He did not, but he continued to comfort her.

He helped her to her feet.

"I can see no future for us here," she told him. She was exhausted. He summoned his locomotive.

"There is no future," he agreed, "only the present. Surely it is what lovers have always wished for."

"If they are nothing but lovers, Jherek, my dear." She sighed deeply. "Well, there is scarcely any point to my complaints." Her smile was brave. "This is my world and I must make the best of it."

"You shall, Amelia."

The locomotive appeared, puffing between high, ragged towers.

"My sense of duty —" she began.

"To yourself, as I said. My world esteems you as Bromley never could. Accept that esteem without reserve; it is given without reserve."

"Blindly, however, as children give. One would wish to be respected for — for noble deeds."

He saw clarity, at last. "Your going to Harold — that was 'noble'?"

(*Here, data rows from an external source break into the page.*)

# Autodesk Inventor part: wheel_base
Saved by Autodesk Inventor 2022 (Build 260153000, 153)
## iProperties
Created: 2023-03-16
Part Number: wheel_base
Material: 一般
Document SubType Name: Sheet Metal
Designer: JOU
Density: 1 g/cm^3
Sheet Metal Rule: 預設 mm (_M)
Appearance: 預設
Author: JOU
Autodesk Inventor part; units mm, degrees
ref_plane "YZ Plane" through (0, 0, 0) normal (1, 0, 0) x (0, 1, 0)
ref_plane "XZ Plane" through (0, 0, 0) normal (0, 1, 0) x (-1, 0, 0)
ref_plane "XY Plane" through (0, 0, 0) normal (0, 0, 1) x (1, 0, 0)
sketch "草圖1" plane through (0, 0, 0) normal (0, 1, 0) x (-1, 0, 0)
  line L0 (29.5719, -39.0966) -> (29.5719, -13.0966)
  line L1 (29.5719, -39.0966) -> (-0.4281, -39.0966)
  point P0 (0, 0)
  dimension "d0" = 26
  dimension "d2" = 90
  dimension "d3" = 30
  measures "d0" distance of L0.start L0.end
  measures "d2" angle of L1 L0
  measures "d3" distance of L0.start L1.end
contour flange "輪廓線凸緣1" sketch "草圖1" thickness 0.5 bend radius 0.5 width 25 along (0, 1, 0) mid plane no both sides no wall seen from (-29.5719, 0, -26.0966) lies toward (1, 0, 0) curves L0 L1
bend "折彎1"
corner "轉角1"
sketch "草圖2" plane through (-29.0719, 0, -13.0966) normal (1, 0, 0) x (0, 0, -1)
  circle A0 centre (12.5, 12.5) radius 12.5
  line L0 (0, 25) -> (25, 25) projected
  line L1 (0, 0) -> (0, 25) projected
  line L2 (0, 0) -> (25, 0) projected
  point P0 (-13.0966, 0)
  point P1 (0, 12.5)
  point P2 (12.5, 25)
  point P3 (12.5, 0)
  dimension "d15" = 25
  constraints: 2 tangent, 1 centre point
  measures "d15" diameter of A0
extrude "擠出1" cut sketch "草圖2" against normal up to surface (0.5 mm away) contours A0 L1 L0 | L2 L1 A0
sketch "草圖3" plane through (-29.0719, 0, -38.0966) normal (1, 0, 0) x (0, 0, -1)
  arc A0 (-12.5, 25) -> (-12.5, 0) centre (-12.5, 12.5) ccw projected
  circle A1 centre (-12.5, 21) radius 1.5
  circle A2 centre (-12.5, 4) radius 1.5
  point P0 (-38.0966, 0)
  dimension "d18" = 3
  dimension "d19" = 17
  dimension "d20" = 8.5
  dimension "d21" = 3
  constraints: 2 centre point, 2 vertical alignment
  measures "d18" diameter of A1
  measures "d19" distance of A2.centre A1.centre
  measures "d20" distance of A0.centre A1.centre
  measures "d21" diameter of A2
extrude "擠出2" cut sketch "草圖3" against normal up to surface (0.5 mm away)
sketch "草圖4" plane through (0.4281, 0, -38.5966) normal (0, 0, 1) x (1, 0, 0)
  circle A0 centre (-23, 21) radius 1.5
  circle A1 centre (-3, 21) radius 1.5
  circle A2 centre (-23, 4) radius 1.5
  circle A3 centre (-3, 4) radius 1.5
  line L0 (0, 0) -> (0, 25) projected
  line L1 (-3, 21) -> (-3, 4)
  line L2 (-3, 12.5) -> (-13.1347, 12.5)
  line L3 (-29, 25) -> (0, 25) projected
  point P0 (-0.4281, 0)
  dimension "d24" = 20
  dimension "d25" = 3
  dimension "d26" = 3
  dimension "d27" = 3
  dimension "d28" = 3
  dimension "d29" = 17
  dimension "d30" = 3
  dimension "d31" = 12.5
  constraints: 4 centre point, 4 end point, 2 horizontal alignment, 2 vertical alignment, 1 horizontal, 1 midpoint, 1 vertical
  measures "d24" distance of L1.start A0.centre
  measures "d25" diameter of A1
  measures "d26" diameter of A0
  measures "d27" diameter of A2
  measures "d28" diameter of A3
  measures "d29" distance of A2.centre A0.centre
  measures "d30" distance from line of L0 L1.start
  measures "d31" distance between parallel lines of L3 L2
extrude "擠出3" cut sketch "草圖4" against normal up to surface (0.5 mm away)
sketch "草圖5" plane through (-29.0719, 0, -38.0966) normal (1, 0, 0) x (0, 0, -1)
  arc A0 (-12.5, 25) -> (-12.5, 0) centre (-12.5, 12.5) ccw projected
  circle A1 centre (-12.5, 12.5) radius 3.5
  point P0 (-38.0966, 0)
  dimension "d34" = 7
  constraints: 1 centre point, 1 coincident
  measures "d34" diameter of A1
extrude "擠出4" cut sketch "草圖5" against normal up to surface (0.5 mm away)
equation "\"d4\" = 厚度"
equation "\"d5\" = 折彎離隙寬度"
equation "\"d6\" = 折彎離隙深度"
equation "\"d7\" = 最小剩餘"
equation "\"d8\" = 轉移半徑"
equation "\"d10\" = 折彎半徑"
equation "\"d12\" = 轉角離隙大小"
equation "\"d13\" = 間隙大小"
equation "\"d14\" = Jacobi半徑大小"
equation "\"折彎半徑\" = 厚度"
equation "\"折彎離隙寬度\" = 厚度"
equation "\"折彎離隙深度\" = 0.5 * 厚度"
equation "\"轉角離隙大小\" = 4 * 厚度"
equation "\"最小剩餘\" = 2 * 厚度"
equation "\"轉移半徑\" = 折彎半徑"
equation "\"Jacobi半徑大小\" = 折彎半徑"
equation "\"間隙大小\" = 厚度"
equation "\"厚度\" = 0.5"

"I suppose so. The self-sacrifice…"

" 'Self-sacrifice' — another. And is that 'virtuous'?"

"It is thought so, yes."

"And 'modest'?"

"Modesty is often involved."

"Your opinion of your own actions is 'modest'?"

"I hope so."

"And if you do nothing save what your own spirit tells you to do — that is 'lazy', eh? Even 'evil'?"

"Scarcely evil, really, but certainly unworthy…"

The locomotive came to a rest beside them, where the chronomnibus had lately been.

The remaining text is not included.